Вскоре смоль в его щетине загустела стальной бородой, а глаза научились бродить в темноте. В сущности, настоящей темноты ни в лесу, ни в ночи не было, никогда ее столько не набиралось, если не считать той пещеры, что обнаружил он на северном склоне горы, у которой едва было не напоролся на всадников, чьи силуэты возникли перед ним внезапно, будто оброненные на скалу сгоревшим закатом три черные головни. В тот пасмурный день, сплошь заклеенный тучами, к разговору с людьми он готов по-прежнему не был, а потому, заприметив провал пещеры, вкатился в нее, распластался у входа и вскинул ружье. Инородцы гортанно смеялись, неспешно спускаясь с горы к низовью реки — там тянулась дорога, — покуда он молился богам за то, что ему не пришлось в них стрелять. Мысль, что он мог на это пойти, не подивила и не расстроила. Похоже, она даже к нему не пришла. Вместо нее его посетила другая: о том, что им всем повезло, и вот она-то, пожалуй, была важнее, правдивей любой другой. В той пещере было действительно очень темно.

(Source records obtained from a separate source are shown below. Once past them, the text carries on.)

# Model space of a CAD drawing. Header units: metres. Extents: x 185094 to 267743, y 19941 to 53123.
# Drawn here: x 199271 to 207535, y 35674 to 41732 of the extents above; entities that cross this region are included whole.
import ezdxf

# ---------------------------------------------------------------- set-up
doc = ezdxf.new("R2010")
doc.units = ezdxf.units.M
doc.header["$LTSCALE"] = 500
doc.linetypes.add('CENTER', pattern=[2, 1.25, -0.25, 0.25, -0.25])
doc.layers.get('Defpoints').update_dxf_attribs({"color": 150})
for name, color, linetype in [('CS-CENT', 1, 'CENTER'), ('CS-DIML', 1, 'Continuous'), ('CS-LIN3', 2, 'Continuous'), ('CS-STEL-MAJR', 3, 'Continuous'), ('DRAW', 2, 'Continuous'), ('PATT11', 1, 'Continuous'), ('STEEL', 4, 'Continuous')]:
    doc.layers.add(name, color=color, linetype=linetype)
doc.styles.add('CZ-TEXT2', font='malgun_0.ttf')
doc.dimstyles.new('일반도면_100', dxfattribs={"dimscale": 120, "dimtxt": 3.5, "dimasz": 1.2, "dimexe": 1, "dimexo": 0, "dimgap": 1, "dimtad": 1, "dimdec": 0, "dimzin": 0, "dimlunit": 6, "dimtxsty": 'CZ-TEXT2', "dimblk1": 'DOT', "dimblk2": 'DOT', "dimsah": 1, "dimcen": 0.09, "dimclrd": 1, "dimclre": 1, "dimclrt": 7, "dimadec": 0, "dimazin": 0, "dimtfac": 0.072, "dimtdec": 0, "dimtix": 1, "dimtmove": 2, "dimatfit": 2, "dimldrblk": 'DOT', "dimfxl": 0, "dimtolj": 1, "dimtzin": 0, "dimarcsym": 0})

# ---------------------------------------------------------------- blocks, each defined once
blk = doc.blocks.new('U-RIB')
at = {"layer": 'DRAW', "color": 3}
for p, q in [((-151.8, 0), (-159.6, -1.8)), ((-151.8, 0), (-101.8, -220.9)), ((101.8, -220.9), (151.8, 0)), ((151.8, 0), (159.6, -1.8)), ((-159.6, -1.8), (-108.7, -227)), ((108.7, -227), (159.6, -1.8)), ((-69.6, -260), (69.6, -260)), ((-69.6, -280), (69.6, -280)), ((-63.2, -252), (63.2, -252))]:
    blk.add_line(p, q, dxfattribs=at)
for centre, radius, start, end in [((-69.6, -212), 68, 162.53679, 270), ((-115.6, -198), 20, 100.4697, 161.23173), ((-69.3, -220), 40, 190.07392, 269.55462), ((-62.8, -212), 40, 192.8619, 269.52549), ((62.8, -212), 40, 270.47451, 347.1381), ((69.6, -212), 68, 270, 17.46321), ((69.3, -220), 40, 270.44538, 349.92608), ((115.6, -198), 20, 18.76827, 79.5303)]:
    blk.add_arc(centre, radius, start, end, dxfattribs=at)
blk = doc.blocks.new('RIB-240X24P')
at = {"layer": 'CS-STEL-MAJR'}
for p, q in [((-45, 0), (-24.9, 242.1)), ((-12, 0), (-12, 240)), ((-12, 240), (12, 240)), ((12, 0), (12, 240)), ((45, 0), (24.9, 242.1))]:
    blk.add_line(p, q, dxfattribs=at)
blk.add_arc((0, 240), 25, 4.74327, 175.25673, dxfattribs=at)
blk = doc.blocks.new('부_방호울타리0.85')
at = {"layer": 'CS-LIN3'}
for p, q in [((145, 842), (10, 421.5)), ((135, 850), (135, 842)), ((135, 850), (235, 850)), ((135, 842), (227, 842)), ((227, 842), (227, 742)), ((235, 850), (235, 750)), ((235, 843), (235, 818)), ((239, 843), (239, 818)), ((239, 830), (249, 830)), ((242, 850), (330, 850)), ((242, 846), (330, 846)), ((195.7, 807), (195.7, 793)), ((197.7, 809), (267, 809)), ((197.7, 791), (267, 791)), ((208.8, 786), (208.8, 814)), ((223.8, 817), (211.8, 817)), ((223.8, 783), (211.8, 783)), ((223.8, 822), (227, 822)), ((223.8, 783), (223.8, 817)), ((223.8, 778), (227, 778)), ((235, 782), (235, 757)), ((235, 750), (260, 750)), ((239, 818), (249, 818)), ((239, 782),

Бывало, по ночам к нему на свидание являлись кошмары. Проснувшись, он стряхивал их рукой со взмокшего лба, смотрел в глубокое днище неба, поворачивался на другой бок и засыпал опять, но уже по-настоящему: как спит лесной зверь, когда ему снится охота. В конце концов, ему почти это удалось — отделаться напрочь от памяти. Ведь она ему, по сути, уже и не принадлежала, а значит, сам он тоже не мог ей принадлежать.

Порой он начинал пробовать на вкус людские слова, будто предчувствуя, что они ему еще пригодятся. Какие-то из них были лишними, потому что ничего толком не означали. Их было много. Больше, чем остальных.

Особенно он полюбил грозу. Вопреки правилам и запретам, он садился под ствол самого высокого из деревьев и завороженно смотрел ей в глаза. Иногда ему казалось, что она сильнее всех в целом мире. И даже сильнее небес. Низвергающаяся с них вода была теплой, как слезы, и шумной, как плач. Он любил грозу и совершенно точно знал, что она его не убьет.

Но грозы скоро кончились и уступили место обычным дождям. Те тоже были по-своему хороши. Но, конечно, не могли сравниться с рекой. Той самой, что помогла ему найти труп и свободу. Рядом с ней хорошо было жечь костер и слушать негромкую вечность.

Охотник он оказался удачливый, чего в прежней жизни за ним не водилось. Твердой рукой он быстро скидывал с плеча ружье, прицеливался и мягко нажимал на курок, испытывая неподдельное удовольствие от каждого добротного выстрела. Главным на охоте была уверенность. То неприметное, но незаменимое чувство истинности движений, что свойственно, например, доброму хозяину, встречающему в своем доме друзей. Уверенность и спокойствие — вот что необходимо. Только не поспешность и злость. Не говоря уж о страхе. Слава богам, он его позабыл.

Все шло как нельзя лучше. Лето было уже в полном разгаре и даже потихоньку выдыхалось на залысинах скал в послеполуденный сероватый зной, когда он успел исходить вдоль и поперек два ущелья и выбрался к склону, откуда открывался вид на низину, на которой сплетались в узел несколько дорог. Соединившись в одну, они устремлялись к большому кривому пятну, закрытому дымкой тумана. То была крепость. Ничем иным это быть не могло.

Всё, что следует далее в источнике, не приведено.